# Hey guys...



## Mindweaver (Oct 15, 2012)

I have some sad news today... Hospice was called Saturday to take my Step Dad, because his legs and stomach swelled so much we were worried it would start to fill his lungs.. They were packing his legs in ice to help the swelling.. My sister brought more ice Saturday morning before Hospice was called, and she told me she had never heard any one scream like that before...  Liver Cancer finally took my Step Dad yesterday(_Sunday 10/14/12_)....  It was a long hard battle...  

I've not started up my gpu's to crunch... Mainly because I've enjoyed seeing all the movement for pie, but I'm going to flip the switch today, and give my electrical breakers hell!


----------



## Norton (Oct 15, 2012)

Sorry to hear that man  

He's in a better place now free from the pain of this life and full of the love he shared with all of those he loved around him.

On the other note- Time to *Kick the Tires *and *Light the Fires!!!*


----------



## ThE_MaD_ShOt (Oct 15, 2012)

Sorry to hear about your loss man. And as Norton said he is in a better place and no longer living in pain.


----------



## MT Alex (Oct 15, 2012)

Hang in there, Feller, and try to be strong for the rest of your family.  God bless.


----------



## TheMailMan78 (Oct 15, 2012)

Mindweaver said:


> I have some sad news today... Hospice was called Saturday to take my Step Dad, because his legs and stomach swelled so much we were worried it would start to fill his lungs.. They were packing his legs in ice to help the swelling.. My sister brought more ice Saturday morning before Hospice was called, and she told me she had never heard any one scream like that before...  Liver Cancer finally took my Step Dad yesterday(_Sunday 10/14/12_)....  It was a long hard battle...
> 
> I've not started up my gpu's to crunch... Mainly because I've enjoyed seeing all the movement for pie, but I'm going to flip the switch today, and give my electrical breakers hell!



I don't accept this news on a Monday morning. :shadedshu Take care man.


----------



## HammerON (Oct 15, 2012)

Mindweaver said:


> I have some sad news today... Hospice was called Saturday to take my Step Dad, because his legs and stomach swelled so much we were worried it would start to fill his lungs.. They were packing his legs in ice to help the swelling.. My sister brought more ice Saturday morning before Hospice was called, and she told me she had never heard any one scream like that before...  Liver Cancer finally took my Step Dad yesterday(_Sunday 10/14/12_)....  It was a long hard battle...
> 
> I've not started up my gpu's to crunch... Mainly because I've enjoyed seeing all the movement for pie, but I'm going to flip the switch today, and give my electrical breakers hell!

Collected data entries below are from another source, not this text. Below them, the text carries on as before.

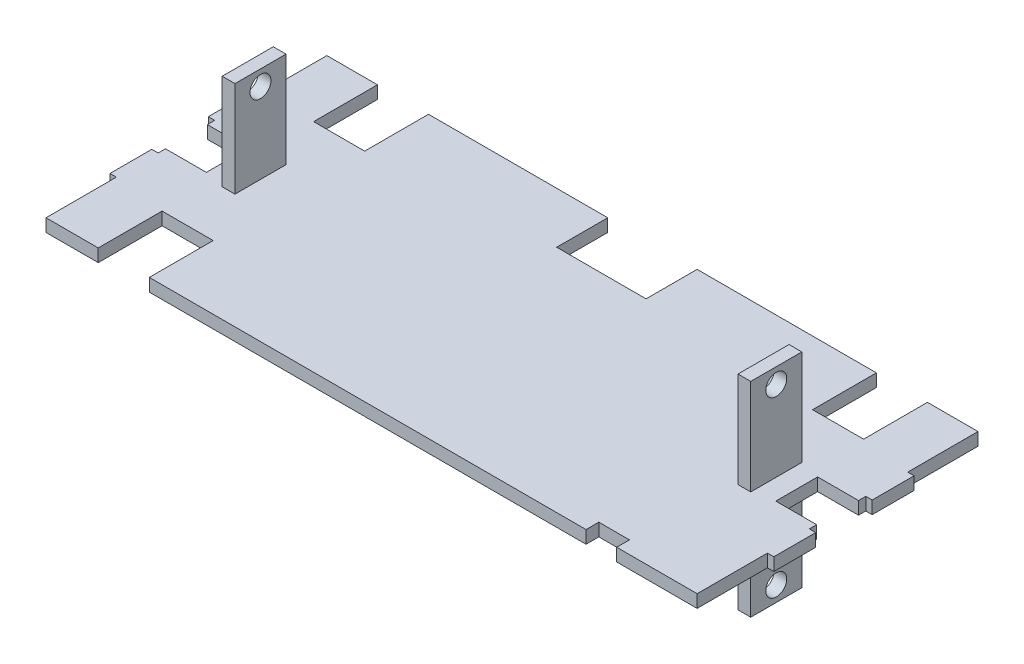
from build123d import *

# Parameters (mm, degrees)
BOSS_EXTRUDE1_DEPTH     = 3.175
SKETCH2_W               = 6.35
SKETCH2_H               = 25.4
BOSS_EXTRUDE2_DEPTH     = 50.8
SKETCH3_R               = 5.207
CUT_EXTRUDE1_DEPTH      = 34.655
CUT_EXTRUDE1_DEPTH_BACK = 297.545


with BuildPart() as part:
    # Sketch1 → Boss-Extrude1 (new body, symmetric)
    with BuildSketch(Plane(origin=(0, 0, 0), x_dir=(1, 0, 0), z_dir=(0, 1, 0))):
        Polygon((161.925, -69.85), (121.92, -69.85), (121.92, -63.5), (106.68, -63.5), (106.68, -69.85), (-106.68, -69.85), (-110.5408, -69.85), (-110.5408, -38.1), (-135.9408, -38.1), (-135.9408, -69.85), (-161.925, -69.85), (-161.925, -34.874677354), (-165.1, -34.874677354), (-165.1, -14.046677354), (-161.925, -14.046677354), (-161.925, -10.414), (-141.605, -10.414), (-141.605, 10.414), (-161.925, 10.414), (-161.925, 14.046677354), (-165.1, 14.046677354), (-165.1, 34.874677354), (-161.925, 34.874677354), (-161.925, 69.85), (-136.779, 69.85), (-136.779, 38.1), (-111.379, 38.1), (-111.379, 69.85), (-22.228595254, 69.85), (-22.228595254, 44.45), (22.228595254, 44.45), (22.228595254, 69.85), (111.379, 69.85), (111.379, 38.1), (136.779, 38.1), (136.779, 69.85), (161.925, 69.85), (161.925, 34.874677354), (165.1, 34.874677354), (165.1, 14.046677354), (161.925, 14.046677354), (161.925, 10.414), (141.605, 10.414), (141.605, -10.414), (161.925, -10.414), (161.925, -14.046677354), (165.1, -14.046677354), (165.1, -34.874677354), (161.925, -34.874677354), align=None)
    extrude(amount=BOSS_EXTRUDE1_DEPTH, both=True)

    # Sketch2 → Boss-Extrude2 (add, symmetric)
    with BuildSketch(Plane(origin=(0, 0, 0), x_dir=(1, 0, 0), z_dir=(0, 1, 0))):
        with Locations((128.27, 0)):
            Rectangle(SKETCH2_W, SKETCH2_H)
        with Locations((-128.27, 0)):
            Rectangle(SKETCH2_W, SKETCH2_H)
    extrude(amount=BOSS_EXTRUDE2_DEPTH, both=True)

    # Sketch3 → Cut-Extrude1 (cut, two sides)
    with BuildSketch(Plane.ZY.offset(131.445)) as cut_extrude1_sk:
        with Locations((0, 43.18)):
            Circle(SKETCH3_R)
        with Locations((0, -43.18)):
            Circle(SKETCH3_R)
    extrude(amount=CUT_EXTRUDE1_DEPTH, mode=Mode.SUBTRACT)
    extrude(cut_extrude1_sk.sketch, amount=-CUT_EXTRUDE1_DEPTH_BACK, mode=Mode.SUBTRACT)


solid = part.part

You have dedictated a lot of time and money into fighting cancer through crunching and folding. I am sorry to hear about your loss. Hopefully one day all your (and our team's) efforts will help people from having to suffer the same losses.
I was wondering when you were going to start using your GPU's. I noticed that your PPD hadn't increased yet.
Crunch on brother


----------



## [Ion] (Oct 15, 2012)

Mindweaver, I'm really sorry to hear about that.  Cancer is a terrible, terrible thing, and it's awful that people have to suffer through it.  I wish you and your family the best, and if there is any way that the team can help, please let us know.  

I'm sure your step Dad was a great man and is in a better place now


----------



## BUCK NASTY (Oct 15, 2012)

Mind, I am very sorry to hear this. As others have said, he is in a much better place now and free of the problems of this world. Hang in there my friend and know that the "DC work" that you do will ultimately prevail in this battle against diseases and cancer. Crunch on my friend!!!!!!


----------



## erixx (Oct 15, 2012)

I say farewell to him and wish the best to you and family. :-(


----------



## Sasqui (Oct 15, 2012)

Best wishes dude.  It's never easy, and as everyone says, he's in a better place, maybe even better than any of us can imagine... read this:  http://www.thedailybeast.com/newswe...a-doctor-s-experience-with-the-afterlife.html


----------



## brandonwh64 (Oct 15, 2012)

I am so sorry for your loss MW! 

My wifes grandfather has Congestive Heart Failure and his legs are swelling and lungs are filling up with fluid. He does not have much longer and we have been really upset about it for a while now so I can relate to how you are feeling.

Stay in good spirits!


----------



## qubit (Oct 15, 2012)

Damn, I'm really sorry for your loss, man.  I can especially imagine what the scream was like, which feels very distressing indeed.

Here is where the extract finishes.